INSTRUCTIONS FOR THE TASK - Take each line of the entries below that contains "This" and copy it.

══════

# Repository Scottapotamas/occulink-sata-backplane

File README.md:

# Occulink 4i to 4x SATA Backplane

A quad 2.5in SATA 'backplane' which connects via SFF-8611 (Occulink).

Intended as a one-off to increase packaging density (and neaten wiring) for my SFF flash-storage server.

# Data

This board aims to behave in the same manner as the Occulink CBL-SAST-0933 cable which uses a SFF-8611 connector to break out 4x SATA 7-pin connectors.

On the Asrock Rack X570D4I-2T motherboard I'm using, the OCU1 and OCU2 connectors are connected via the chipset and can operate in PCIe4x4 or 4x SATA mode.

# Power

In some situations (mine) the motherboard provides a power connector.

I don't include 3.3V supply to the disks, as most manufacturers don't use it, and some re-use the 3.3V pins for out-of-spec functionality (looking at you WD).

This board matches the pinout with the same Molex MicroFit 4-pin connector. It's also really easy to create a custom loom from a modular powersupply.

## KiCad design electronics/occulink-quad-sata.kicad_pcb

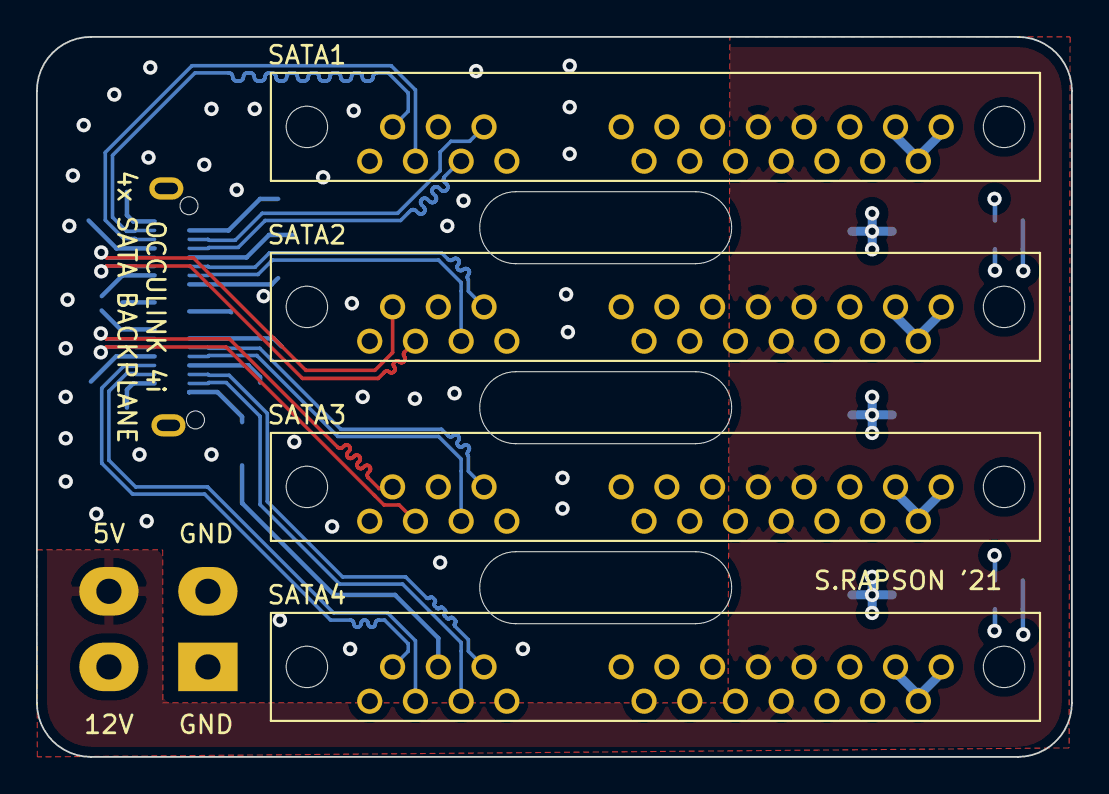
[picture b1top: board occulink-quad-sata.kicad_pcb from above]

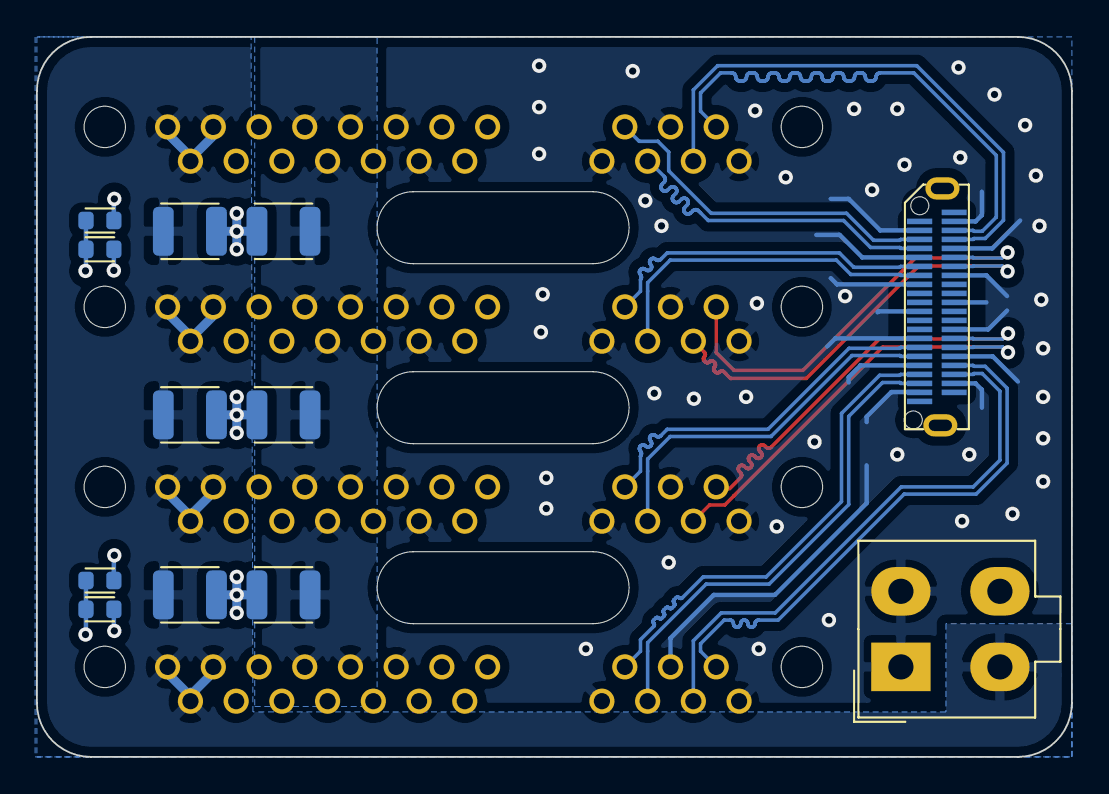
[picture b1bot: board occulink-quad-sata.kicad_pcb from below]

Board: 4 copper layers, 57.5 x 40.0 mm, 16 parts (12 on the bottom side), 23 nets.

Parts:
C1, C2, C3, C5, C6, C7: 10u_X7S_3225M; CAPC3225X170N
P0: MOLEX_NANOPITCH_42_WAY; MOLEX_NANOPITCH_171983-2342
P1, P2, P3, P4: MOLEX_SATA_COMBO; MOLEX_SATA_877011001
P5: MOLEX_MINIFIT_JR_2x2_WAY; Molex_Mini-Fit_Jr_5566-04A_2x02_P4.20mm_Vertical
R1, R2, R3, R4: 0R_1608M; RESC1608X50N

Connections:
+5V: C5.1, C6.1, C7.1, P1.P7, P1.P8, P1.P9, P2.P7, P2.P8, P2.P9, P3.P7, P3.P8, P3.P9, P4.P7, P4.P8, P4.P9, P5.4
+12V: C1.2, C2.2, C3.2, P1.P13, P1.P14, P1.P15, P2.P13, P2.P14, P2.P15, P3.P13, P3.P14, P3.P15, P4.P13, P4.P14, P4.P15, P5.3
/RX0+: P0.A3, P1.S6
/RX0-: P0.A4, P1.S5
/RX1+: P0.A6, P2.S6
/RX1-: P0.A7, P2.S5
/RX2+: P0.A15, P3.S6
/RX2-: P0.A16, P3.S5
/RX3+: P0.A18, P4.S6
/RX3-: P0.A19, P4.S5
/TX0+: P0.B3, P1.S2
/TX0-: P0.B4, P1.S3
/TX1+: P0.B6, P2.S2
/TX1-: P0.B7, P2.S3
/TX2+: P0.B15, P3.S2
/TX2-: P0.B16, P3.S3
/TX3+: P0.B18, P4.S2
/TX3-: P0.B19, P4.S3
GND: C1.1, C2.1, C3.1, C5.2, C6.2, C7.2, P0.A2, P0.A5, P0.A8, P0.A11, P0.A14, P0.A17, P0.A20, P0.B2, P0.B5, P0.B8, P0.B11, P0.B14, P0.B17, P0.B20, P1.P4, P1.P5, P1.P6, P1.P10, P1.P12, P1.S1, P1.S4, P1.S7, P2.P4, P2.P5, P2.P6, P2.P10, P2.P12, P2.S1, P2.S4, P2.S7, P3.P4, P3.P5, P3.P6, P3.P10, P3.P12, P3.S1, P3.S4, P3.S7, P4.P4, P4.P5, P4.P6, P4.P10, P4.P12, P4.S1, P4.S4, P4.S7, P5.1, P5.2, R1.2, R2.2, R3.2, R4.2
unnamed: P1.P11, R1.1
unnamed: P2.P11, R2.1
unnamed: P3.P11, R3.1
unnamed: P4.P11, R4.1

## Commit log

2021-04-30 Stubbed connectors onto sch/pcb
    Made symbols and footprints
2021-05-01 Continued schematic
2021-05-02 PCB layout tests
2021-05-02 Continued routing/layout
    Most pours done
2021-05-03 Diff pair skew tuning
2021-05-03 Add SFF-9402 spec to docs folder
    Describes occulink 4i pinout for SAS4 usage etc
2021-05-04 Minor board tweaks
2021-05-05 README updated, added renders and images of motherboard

══════

RESPONSE BELOW -
This board aims to behave in the same manner as the Occulink CBL-SAST-0933 cable which uses a SFF-8611 connector to break out 4x SATA 7-pin connectors.
This board matches the pinout with the same Molex MicroFit 4-pin connector. It's also really easy to create a custom loom from a modular powersupply.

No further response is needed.